There’s not much known about their diets but she guesses that sloths ate leaves and maybe things like acorns.
They couldn’t climb trees but they could reach branches.
The display not only shows us what wild life once existed in Costa Rica, it is a reminder of what happens with climate change. The glaciers receded, the tropics warmed up and species disappeared.
Making a ten foot high sloth that would fit through the doorway was a challenge for sculptor Badilla.
He started with eight huge blocks of dense styrofoam which he shaped and primed in his home. Outsize braces and screws were installed for joining it all together. Then 500 meters of cabuya, a natural fiber rope were carted home for the hair (about five blocks long) which was untwisted, cut and combed.

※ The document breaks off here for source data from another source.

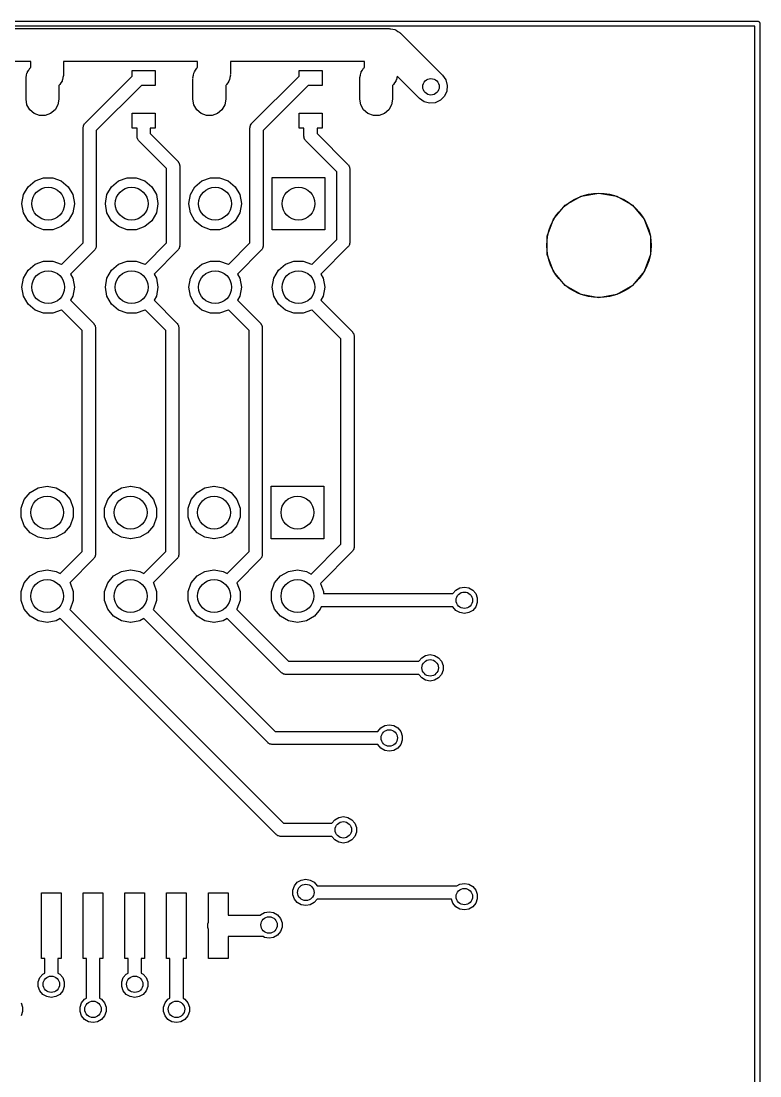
# Model space of a CAD drawing. Extents: x 25 to 125, y -125 to -25.
# Drawn here: x 102.59 to 125.08, y -57.02 to -24.93 of the extents above; entities that cross this region are included whole.
import ezdxf

# ---------------------------------------------------------------- set-up
doc = ezdxf.new("R2010")
doc.units = 0
doc.header["$MEASUREMENT"] = 0
doc.layers.add('BLACK', color=7, linetype='CONTINUOUS')

msp = doc.modelspace()

# ---------------------------------------------------------------- linework, layer by layer
at = {"layer": 'Black'}
for p, q in [((25, -24.925), (125, -24.925)), ((125, -24.925), (125.006, -24.9261)), ((125.006, -24.9261), (125.013, -24.9261)), ((125.013, -24.9261), (125.019, -24.9284)), ((125.019, -24.9284), (125.026, -24.9295)), ((125.026, -24.9295), (125.031, -24.9328)), ((125.031, -24.9328), (125.037, -24.935)), ((125.037, -24.935), (125.043, -24.9393)), ((125.043, -24.9393), (125.048, -24.9425)), ((125.048, -24.9425), (125.052, -24.9476)), ((125.052, -24.9476), (125.057, -24.9518)), ((125.057, -24.9518), (125.061, -24.9575)), ((125.061, -24.9575), (125.065, -24.9625)), ((125.065, -24.9625), (125.067, -24.9687)), ((125.067, -24.9687), (125.07, -24.9743)), ((125.07, -24.9743), (125.072, -24.9808)), ((125.072, -24.9808), (125.074, -24.987)), ((125.074, -24.987), (125.074, -24.9935)), ((125.074, -24.9935), (125.075, -25)), ((125.075, -25), (125.075, -125)), ((124.925, -25.075), (25.075, -25.075)), ((98.552, -25.154), (103.378, -25.154)), ((103.378, -25.154), (108.458, -25.154)), ((108.458, -25.154), (113.538, -25.154)), ((113.538, -25.154), (113.792, -25.154)), ((113.792, -25.154), (113.814, -25.1578)), ((113.814, -25.1578), (113.836, -25.1559)), ((113.836, -25.1559), (113.899, -25.1728)), ((113.899, -25.1728), (113.963, -25.1842)), ((113.963, -25.1842), (113.982, -25.1952)), ((113.982, -25.1952), (114.003, -25.2008)), ((114.003, -25.2008), (114.057, -25.2383)), ((114.057, -25.2383), (114.113, -25.271)), ((114.113, -25.271), (114.128, -25.2878)), ((114.128, -25.2878), (114.146, -25.3004)), ((114.146, -25.3004), (115.416, -26.5704)), ((124.925, -124.925), (124.925, -25.075)), ((102.878, -26.154), (99.052, -26.154)), ((102.878, -26.3314), (102.878, -26.154)), ((107.958, -26.154), (103.878, -26.154)), ((103.878, -26.154), (103.878, -26.537)), ((107.958, -26.3314), (107.958, -26.154)), ((113.038, -26.154), (108.958, -26.154)), ((108.958, -26.154), (108.958, -26.537)), ((113.038, -26.3314), (113.038, -26.154)), ((102.737, -26.6364), (102.754, -26.5733)), ((102.739, -26.6583), (102.737, -26.6364)), ((102.754, -26.5733), (102.765, -26.509)), ((102.765, -26.509), (102.776, -26.4899)), ((102.776, -26.4899), (102.782, -26.4687)), ((102.782, -26.4687), (102.819, -26.4152)), ((102.819, -26.4152), (102.852, -26.3586)), ((102.852, -26.3586), (102.869, -26.3445)), ((102.869, -26.3445), (102.878, -26.3314)), ((103.876, -26.5806), (103.859, -26.6437)), ((103.878, -26.537), (103.874, -26.5587)), ((103.874, -26.5587), (103.876, -26.5806)), ((104.532, -28.0302), (105.965, -26.5972)), ((105.965, -26.5972), (105.965, -26.43)), ((105.965, -26.43), (106.665, -26.43)), ((106.665, -26.43), (106.665, -26.88)), ((107.817, -26.6364), (107.834, -26.5733)), ((107.819, -26.6583), (107.817, -26.6364)), ((107.834, -26.5733), (107.845, -26.509)), ((107.845, -26.509), (107.856, -26.4899)), ((107.856, -26.4899), (107.862, -26.4687)), ((107.862, -26.4687), (107.899, -26.4152)), ((107.899, -26.4152), (107.932, -26.3586)), ((107.932, -26.3586), (107.949, -26.3445)), ((107.949, -26.3445), (107.958, -26.3314)), ((108.956, -26.5806), (108.939, -26.6437)), ((108.958, -26.537), (108.954, -26.5587)), ((108.954, -26.5587), (108.956, -26.5806)), ((109.612, -28.0302), (111.045, -26.5972)), ((111.045, -26.5972), (111.045, -26.43)), ((111.045, -26.43), (111.745, -26.43)), ((111.745, -26.43), (111.745, -26.88)), ((112.897, -26.6364), (112.914, -26.5733)), ((112.899, -26.6583), (112.897, -26.6364)), ((112.914, -26.5733), (112.925, -26.509)), ((112.925, -26.509), (112.936, -26.4899)), ((112.936, -26.4899), (112.942, -26.4687)), ((112.942, -26.4687), (112.979, -26.4152)), ((112.979, -26.4152), (113.012, -26.3586)), ((113.012, -26.3586), (113.029, -26.3445)), ((113.029, -26.3445), (113.038, -26.3314)), ((114.031, -26.6), (114.019, -26.6437)), ((114.708, -27.2776), (114.031, -26.6)), ((115.416, -26.5704), (115.515, -26.7127)), ((102.735, -26.68), (102.739, -26.6583)), ((102.735, -27.305), (102.735, -26.68)), ((103.744, -26.8725), (103.735, -26.8856)), ((103.735, -26.8856), (103.735, -27.305)), ((103.761, -26.8584), (103.744, -26.8725)), ((103.794, -26.8018), (103.761, -26.8584)), ((103.831, -26.7483), (103.794, -26.8018)), ((103.837, -26.7271), (103.831, -26.7483)), ((103.848, -26.708), (103.837, -26.7271)), ((103.859, -26.6437), (103.848, -26.708)), ((106.248, -26.88), (104.873, -28.2544)), ((106.665, -26.88), (106.248, -26.88)), ((107.815, -26.68), (107.819, -26.6583)), ((107.815, -27.305), (107.815, -26.68)), ((108.824, -26.8725), (108.815, -26.8856)), ((108.815, -26.8856), (108.815, -27.305)), ((108.841, -26.8584), (108.824, -26.8725)), ((108.874, -26.8018), (108.841, -26.8584)), ((108.911, -26.7483), (108.874, -26.8018)), ((108.917, -26.7271), (108.911, -26.7483)), ((108.928, -26.708), (108.917, -26.7271)), ((108.939, -26.6437), (108.928, -26.708)), ((111.328, -26.88), (109.953, -28.2544)), ((111.745, -26.88), (111.328, -26.88)), ((112.895, -26.68), (112.899, -26.6583)), ((112.895, -27.305), (112.895, -26.68)), ((113.904, -26.8725), (113.895, -26.8856)), ((113.895, -26.8856), (113.895, -27.305)), ((113.921, -26.8584), (113.904, -26.8725)), ((113.954, -26.8018), (113.921, -26.8584)), ((113.991, -26.7483), (113.954, -26.8018)), ((113.997, -26.7271), (113.991, -26.7483)), ((114.008, -26.708), (113.997, -26.7271)), ((114.019, -26.6437), (114.008, -26.708)), ((115.515, -26.7127), (115.56, -26.8804)), ((115.56, -26.8804), (115.545, -27.0534)), ((114.851, -27.3772), (114.708, -27.2776)), ((115.472, -27.2108), (115.349, -27.3336)), ((115.545, -27.0534), (115.472, -27.2108)), ((102.765, -27.476), (102.735, -27.305)), ((102.852, -27.6264), (102.765, -27.476)), ((103.705, -27.476), (103.618, -27.6264)), ((103.735, -27.305), (103.705, -27.476)), ((107.845, -27.476), (107.815, -27.305)), ((107.932, -27.6264), (107.845, -27.476)), ((108.785, -27.476), (108.698, -27.6264)), ((108.815, -27.305), (108.785, -27.476)), ((112.925, -27.476), (112.895, -27.305)), ((113.012, -27.6264), (112.925, -27.476)), ((113.865, -27.476), (113.778, -27.6264)), ((113.895, -27.305), (113.865, -27.476)), ((115.018, -27.4221), (114.851, -27.3772)), ((115.191, -27.407), (115.018, -27.4221)), ((115.349, -27.3336), (115.191, -27.407)), ((102.985, -27.738), (102.852, -27.6264)), ((103.148, -27.7974), (102.985, -27.738)), ((103.322, -27.7974), (103.148, -27.7974)), ((103.485, -27.738), (103.322, -27.7974)), ((103.618, -27.6264), (103.485, -27.738)), ((105.965, -28.18), (105.965, -27.73)), ((105.965, -27.73), (106.665, -27.73)), ((106.665, -27.73), (106.665, -28.18)), ((108.065, -27.738), (107.932, -27.6264)), ((108.228, -27.7974), (108.065, -27.738)), ((108.402, -27.7974), (108.228, -27.7974)), ((108.565, -27.738), (108.402, -27.7974)), ((108.698, -27.6264), (108.565, -27.738)), ((111.045, -28.18), (111.045, -27.73)), ((111.045, -27.73), (111.745, -27.73)), ((111.745, -27.73), (111.745, -28.18)), ((113.145, -27.738), (113.012, -27.6264)), ((113.308, -27.7974), (113.145, -27.738)), ((113.482, -27.7974), (113.308, -27.7974)), ((113.645, -27.738), (113.482, -27.7974)), ((113.778, -27.6264), (113.645, -27.738)), ((104.473, -28.1716), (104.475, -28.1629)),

Clumps of hair, ranging from one inch long for the face to almost a meter long for the body were stapled to the forms, using up 15,000 staples.
Finally the pieces were trucked to the museum to be assembled into one gigantic sloth.
Badilla’s artist wife, Susana Villalobos added a mural of snow capped mountians and rocky outcroppings, which along with the chilly room temperature, takes you back a couple of milenia.
The scene is worth a trip to San Ramon, about 30 miles west of San Jose on the InterAmerican highway.
Known as the city of poets, the city offers other attractions, including the Jose Figueres Farrar home and cultural center a half block from the museum, across from the side of the church, the museum is open Tuesdays -Saturdays from 10 a.m. to 6 p.m. There is no charge.